UK slips as top spot for world leaders
A new survey has revealed that the UK is no longer the most popular place of education for the world’s political leaders.
According to the Higher Education Police Institute (also known as HEPI) survey, 57 foreign leaders, including presidents, prime ministers and monarchs, received a higher education in the UK.
The US tops the list with 58 — a turnaround from previous surveys in which the UK topped the chart.
Nick Hillman, HEPI’s director, said UK immigration policies restricted the numbers of overseas students going to British universities.
“In the past, we have been more successful than any other country in attracting the world’s future leaders. But these new figures suggest our pole position is under threat,” Hillman said.
“We need to adopt a bold educational exports strategy, remove students from the government’s main migration target and roll out the red carpet when people come to study here.

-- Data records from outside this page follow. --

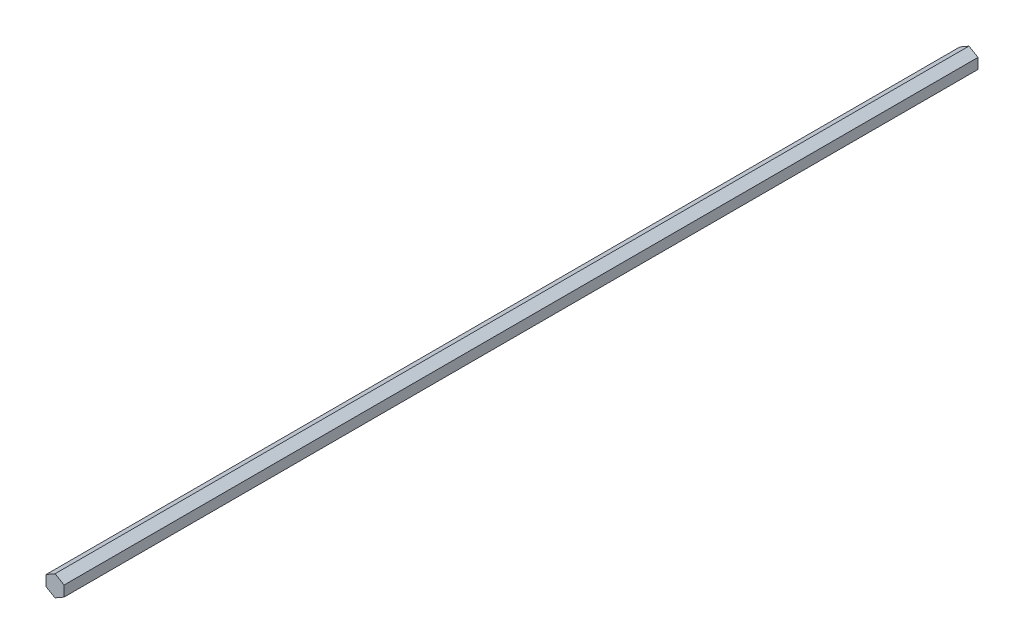
from build123d import *

# Parameters (mm, degrees)
BOSS_EXTRUDE1_DEPTH = 320.15938


with BuildPart() as part:
    # Sketch1 → Boss-Extrude1 (new, symmetric)
    with BuildSketch(Plane.XY):
        Polygon((0, 7.332348419), (-6.35, 3.666174209), (-6.35, -3.666174209), (0, -7.332348419), (6.35, -3.666174209), (6.35, 3.666174209), align=None)
    extrude(amount=BOSS_EXTRUDE1_DEPTH, both=True)


solid = part.part
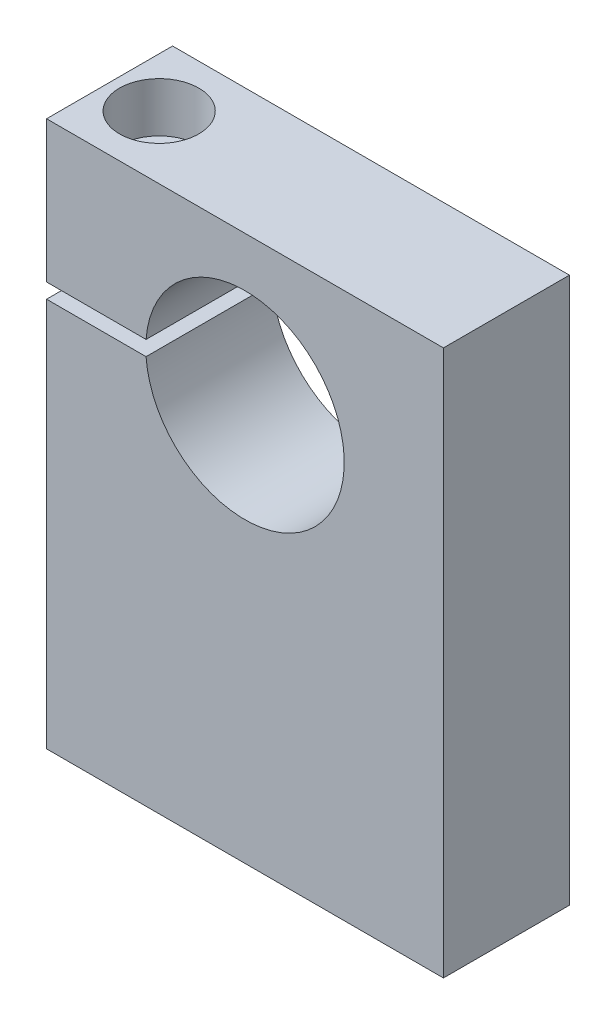
from build123d import *

# Parameters (mm, degrees)
SALIENTE_EXTRUIR1_DEPTH = 12.7
CROQUIS2_R              = 2
CORTAR_EXTRUIR1_DEPTH   = 23
CROQUIS3_R              = 4
CORTAR_EXTRUIR2_DEPTH   = 5
CROQUIS4_R              = 3.96875
CORTAR_EXTRUIR3_DEPTH   = 15


with BuildPart() as part:
    # Croquis1 → Saliente-Extruir1 (new body)
    with BuildSketch(Plane.XY):
        with BuildLine():
            ThreePointArc((-9.971835338, -0.75), (10, 0), (-9.971835338, 0.75))
            Line((-9.971835338, 0.75), (-20, 0.75))
            Line((-20, 0.75), (-20, 15))
            Line((-20, 15), (20, 15))
            Line((20, 15), (20, -40))
            Line((20, -40), (-20, -40))
            Line((-20, -40), (-20, -0.75))
            Line((-20, -0.75), (-9.971835338, -0.75))
        make_face()
    extrude(amount=SALIENTE_EXTRUIR1_DEPTH)

    # Croquis2 → Cortar-Extruir1 (cut)
    with BuildSketch(Plane(origin=(0, 15, 0), x_dir=(1, 0, 0), z_dir=(0, 1, 0))):
        with Locations(Location((-15.000994664, -6.35, 0), (0, 0, 180))):
            Circle(CROQUIS2_R)
    extrude(amount=-CORTAR_EXTRUIR1_DEPTH, mode=Mode.SUBTRACT)

    # Croquis3 → Cortar-Extruir2 (cut)
    with BuildSketch(Plane(origin=(0, 15, 0), x_dir=(1, 0, 0), z_dir=(0, 1, 0))):
        with Locations(Location((-15.000994664, -6.35, 0), (0, 0, 180))):
            Circle(CROQUIS3_R)
    extrude(amount=-CORTAR_EXTRUIR2_DEPTH, mode=Mode.SUBTRACT)

    # Croquis4 → Cortar-Extruir3 (cut)
    with BuildSketch(Plane.XZ.offset(40)):
        with Locations(Location((-12.5, 6.35, 0), (0, 0, 270))):
            Circle(CROQUIS4_R)
        with Locations(Location((12.5, 6.35, 0), (0, 0, 270))):
            Circle(CROQUIS4_R)
    extrude(amount=-CORTAR_EXTRUIR3_DEPTH, mode=Mode.SUBTRACT)


solid = part.part

“One practical way to make all that happen would be to end the Home Office having complete control over student migration and to share it across government departments instead, as they do in other countries.”
Students are currently counted toward the UK’s net immigration figure. Chancellor Philip Hammond and former foreign secretary Boris Johnson have both reportedly argued that students be withdrawn from the immigration target.
In January a spokesman for the prime minister said: “The position of the prime minister on this is clear. The definition of an immigrant is someone who arrives for a period of more than 12 months.”
In 2016-17, there were 440,000 foreign students studying at UK universities. About a third of non-EU students in the UK are from China.
Third placed France educated 40 world leaders, with the rest way behind, including Russia with 10 and Australia on nine. China educated two political leaders from outside its shores.
Leaders educated in the UK include Imran Khan, the incoming Pakistan prime minister, who studied at Oxford University, while other newcomers include Julius Maada Bio and David J Francis, the president and the chief minister of Sierra Leone, who studied at Bradford and Southampton universities respectively.
Armen Sarkissian, the president of Armenia, studied physics as a postgraduate at Cambridge, and Giuseppe Conte, Italy’s new prime minister, claims to have studied at Girton College, Cambridge, though this is disputed.
The Royal Military Academy Sandhurst is one of the UK’s most popular educators of leaders from the world’s smallest states, ranging from Tamim bin Hamad al-Thani, the emir of Qatar, to Prince Alois, the regent of Liechtenstein, and Hassanal Bolkiah, the sultan of Brunei.